樂妤欣然,原來這府中司馬穎還是很在意這小傢伙的,府中的奴才似乎也都很怕這小傢伙,她唇邊勾起一抹笑意,這樣甚好。
青銅鏡中映着人像,那人面容溫和,朱紅的唇微微勾起,素白的手輕捻一朵杜鵑往頭上簪,可卻覺得似乎往哪個位置都不大好。

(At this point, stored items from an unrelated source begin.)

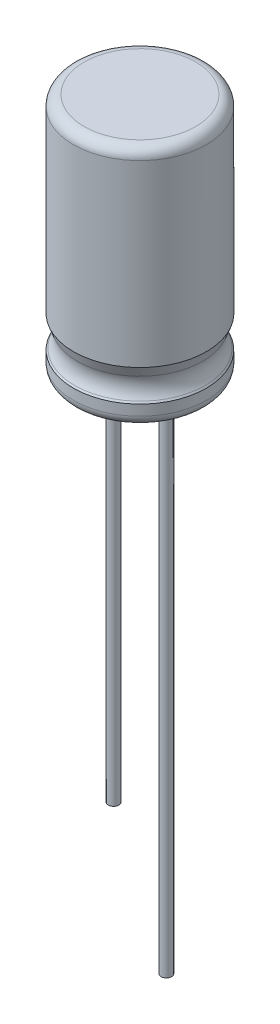
ISO-10303-21;
HEADER;
FILE_DESCRIPTION(('STEP AP214'),'2;1');
FILE_NAME('part.step','',(''),(''),'','','');
FILE_SCHEMA(('AUTOMOTIVE_DESIGN { 1 0 10303 214 1 1 1 1 }'));
ENDSEC;
DATA;
#1=APPLICATION_CONTEXT('core data for automotive mechanical design processes');
#2=APPLICATION_PROTOCOL_DEFINITION('international standard','automotive_design',2000,#1);
#3=PRODUCT_CONTEXT('',#1,'mechanical');
#4=PRODUCT('Part','Part','',(#3));
#5=PRODUCT_RELATED_PRODUCT_CATEGORY('part','',(#4));
#6=PRODUCT_DEFINITION_FORMATION('','',#4);
#7=PRODUCT_DEFINITION_CONTEXT('part definition',#1,'design');
#8=PRODUCT_DEFINITION('design','',#6,#7);
#9=PRODUCT_DEFINITION_SHAPE('','',#8);
#10=(LENGTH_UNIT() NAMED_UNIT(*) SI_UNIT(.MILLI.,.METRE.));
#11=(NAMED_UNIT(*) PLANE_ANGLE_UNIT() SI_UNIT($,.RADIAN.));
#12=(NAMED_UNIT(*) SI_UNIT($,.STERADIAN.) SOLID_ANGLE_UNIT());
#13=UNCERTAINTY_MEASURE_WITH_UNIT(LENGTH_MEASURE(1.E-05),#10,'distance_accuracy_value','');
#14=(GEOMETRIC_REPRESENTATION_CONTEXT(3) GLOBAL_UNCERTAINTY_ASSIGNED_CONTEXT((#13)) GLOBAL_UNIT_ASSIGNED_CONTEXT((#10,
#11,#12)) REPRESENTATION_CONTEXT('',''));
#15=CARTESIAN_POINT('',(0.,0.,0.));
#16=DIRECTION('',(0.,0.,1.));
#17=DIRECTION('',(1.,0.,0.));
#18=AXIS2_PLACEMENT_3D('',#15,#16,#17);
#19=CARTESIAN_POINT('',(-1.25,0.,0.));
#20=DIRECTION('',(0.,-1.,0.));
#21=DIRECTION('',(0.,0.,-1.));
#22=AXIS2_PLACEMENT_3D('',#19,#20,#21);
#23=CYLINDRICAL_SURFACE('',#22,0.25);
#24=CARTESIAN_POINT('',(-1.25,0.,0.));
#25=DIRECTION('',(0.,1.,0.));
#26=DIRECTION('',(0.,0.,1.));
#27=AXIS2_PLACEMENT_3D('',#24,#25,#26);
#28=CIRCLE('',#27,0.25);
#29=CARTESIAN_POINT('',(-1.25,0.,0.25));
#30=VERTEX_POINT('',#29);
#31=EDGE_CURVE('E55',#30,#30,#28,.T.);
#32=ORIENTED_EDGE('',*,*,#31,.F.);
#33=EDGE_LOOP('',(#32));
#34=FACE_BOUND('',#33,.T.);
#35=CARTESIAN_POINT('',(-1.25,-18.2,0.));
#36=DIRECTION('',(0.,1.,0.));
#37=DIRECTION('',(0.,0.,1.));
#38=AXIS2_PLACEMENT_3D('',#35,#36,#37);
#39=CIRCLE('',#38,0.25);
#40=CARTESIAN_POINT('',(-1.25,-18.2,0.25));
#41=VERTEX_POINT('',#40);
#42=EDGE_CURVE('E11',#41,#41,#39,.T.);
#43=ORIENTED_EDGE('',*,*,#42,.T.);
#44=EDGE_LOOP('',(#43));
#45=FACE_BOUND('',#44,.T.);
#46=ADVANCED_FACE('F49',(#34,#45),#23,.T.);
#47=CARTESIAN_POINT('',(-1.25,0.,0.));
#48=DIRECTION('',(0.,1.,0.));
#49=DIRECTION('',(0.,0.,1.));
#50=AXIS2_PLACEMENT_3D('',#47,#48,#49);
#51=PLANE('',#50);
#52=ORIENTED_EDGE('',*,*,#31,.T.);
#53=EDGE_LOOP('',(#52));
#54=FACE_BOUND('',#53,.T.);
#55=ADVANCED_FACE('F61',(#54),#51,.T.);
#56=CARTESIAN_POINT('',(-1.5,-18.2,5.));
#57=DIRECTION('',(0.,1.,0.));
#58=DIRECTION('',(0.,0.,1.));
#59=AXIS2_PLACEMENT_3D('',#56,#57,#58);
#60=PLANE('',#59);
#61=ORIENTED_EDGE('',*,*,#42,.F.);
#62=EDGE_LOOP('',(#61));
#63=FACE_BOUND('',#62,.T.);
#64=ADVANCED_FACE('F67',(#63),#60,.F.);
#65=CLOSED_SHELL('',(#46,#55,#64));
#66=MANIFOLD_SOLID_BREP('B2',#65);
#67=CARTESIAN_POINT('',(1.25,0.,0.));
#68=DIRECTION('',(0.,-1.,0.));
#69=DIRECTION('',(0.,0.,-1.));
#70=AXIS2_PLACEMENT_3D('',#67,#68,#69);
#71=CYLINDRICAL_SURFACE('',#70,0.25);
#72=CARTESIAN_POINT('',(1.25,0.,0.));
#73=DIRECTION('',(0.,1.,0.));
#74=DIRECTION('',(0.,0.,1.));
#75=AXIS2_PLACEMENT_3D('',#72,#73,#74);
#76=CIRCLE('',#75,0.25);
#77=CARTESIAN_POINT('',(1.25,0.,0.25));
#78=VERTEX_POINT('',#77);
#79=EDGE_CURVE('E48',#78,#78,#76,.T.);
#80=ORIENTED_EDGE('',*,*,#79,.F.);
#81=EDGE_LOOP('',(#80));
#82=FACE_BOUND('',#81,.T.);
#83=CARTESIAN_POINT('',(1.25,-24.,0.));
#84=DIRECTION('',(0.,1.,0.));
#85=DIRECTION('',(0.,0.,1.));
#86=AXIS2_PLACEMENT_3D('',#83,#84,#85);
#87=CIRCLE('',#86,0.25);
#88=CARTESIAN_POINT('',(1.25,-24.,0.25));
#89=VERTEX_POINT('',#88);
#90=EDGE_CURVE('E103',#89,#89,#87,.T.);
#91=ORIENTED_EDGE('',*,*,#90,.T.);
#92=EDGE_LOOP('',(#91));
#93=FACE_BOUND('',#92,.T.);
#94=ADVANCED_FACE('F100',(#82,#93),#71,.T.);
#95=CARTESIAN_POINT('',(1.25,0.,0.));
#96=DIRECTION('',(0.,1.,0.));
#97=DIRECTION('',(0.,0.,1.));
#98=AXIS2_PLACEMENT_3D('',#95,#96,#97);
#99=PLANE('',#98);
#100=ORIENTED_EDGE('',*,*,#79,.T.);
#101=EDGE_LOOP('',(#100));
#102=FACE_BOUND('',#101,.T.);
#103=ADVANCED_FACE('F115',(#102),#99,.T.);
#104=CARTESIAN_POINT('',(1.25,-24.,0.));
#105=DIRECTION('',(0.,1.,0.));
#106=DIRECTION('',(0.,0.,1.));
#107=AXIS2_PLACEMENT_3D('',#104,#105,#106);
#108=PLANE('',#107);
#109=ORIENTED_EDGE('',*,*,#90,.F.);
#110=EDGE_LOOP('',(#109));
#111=FACE_BOUND('',#110,.T.);
#112=ADVANCED_FACE('F113',(#111),#108,.F.);
#113=CLOSED_SHELL('',(#94,#103,#112));
#114=MANIFOLD_SOLID_BREP('B6',#113);
#115=CARTESIAN_POINT('',(0.,-0.2,-0.3));
#116=DIRECTION('',(0.,0.,1.));
#117=DIRECTION('',(1.,0.,0.));
#118=AXIS2_PLACEMENT_3D('',#115,#116,#117);
#119=PLANE('',#118);
#120=DIRECTION('',(1.,0.,0.));
#121=VECTOR('',#120,1.);
#122=CARTESIAN_POINT('',(0.,0.,-0.3));
#123=LINE('',#122,#121);
#124=CARTESIAN_POINT('',(-0.85,0.,-0.3));
#125=VERTEX_POINT('',#124);
#126=CARTESIAN_POINT('',(0.85,0.,-0.3));
#127=VERTEX_POINT('',#126);
#128=EDGE_CURVE('E213',#125,#127,#123,.T.);
#129=ORIENTED_EDGE('',*,*,#128,.F.);
#130=DIRECTION('',(0.,1.,0.));
#131=VECTOR('',#130,1.);
#132=CARTESIAN_POINT('',(-0.85,-0.2,-0.3));
#133=LINE('',#132,#131);
#134=CARTESIAN_POINT('',(-0.85,-0.2,-0.3));
#135=VERTEX_POINT('',#134);
#136=EDGE_CURVE('E98',#135,#125,#133,.T.);
#137=ORIENTED_EDGE('',*,*,#136,.F.);
#138=DIRECTION('',(1.,0.,0.));
#139=VECTOR('',#138,1.);
#140=CARTESIAN_POINT('',(0.,-0.2,-0.3));
#141=LINE('',#140,#139);
#142=CARTESIAN_POINT('',(0.85,-0.2,-0.3));
#143=VERTEX_POINT('',#142);
#144=EDGE_CURVE('E198',#135,#143,#141,.T.);
#145=ORIENTED_EDGE('',*,*,#144,.T.);
#146=DIRECTION('',(0.,1.,0.));
#147=VECTOR('',#146,1.);
#148=CARTESIAN_POINT('',(0.85,-0.2,-0.3));
#149=LINE('',#148,#147);
#150=EDGE_CURVE('E166',#143,#127,#149,.T.);
#151=ORIENTED_EDGE('',*,*,#150,.T.);
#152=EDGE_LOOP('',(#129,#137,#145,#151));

若硃砂般紅潤的唇一張一闔:「莫兒,你覺得簪在哪兒更好一些」
本來恭敬站在一旁的莫兒緩緩走上前來,接過她手中的杜鵑,輕輕幫她簪在耳邊,莞爾道:「娘娘,奴婢覺得簪在這兒最好。」
連蘇側過頭瞧了瞧鏡中的自己,似乎比之前明艷了許多,但又似乎顯得自己的臉不大好看,有些擔憂的道:「是嗎?我是不是又老了不少戴着這花兒都不好看了……」
莫兒聽到她這樣說,便安慰道:「娘娘,您說的哪裏的話,您今年方才二十出頭,怎會老呢?奴婢瞧着您可美了。」
莫兒跟着連蘇已然有幾個年頭,連蘇待她甚好,在她家有難之時施以援手,才保住了她一家的性命,至此之後莫兒便將自己的命看做是連蘇的,心中暗自下定決心到死都是連蘇的人。連蘇也是命苦的,雖入府兩年,但王爺來看過她的次數屈指可數,一直都是不冷不熱的態度,這一次若不是因着王妃娘娘,或許她們也不能跟來鄴城了。
莫兒不禁心疼她的娘娘,即使日日對鏡梳妝也是無濟於事,終是無人看的。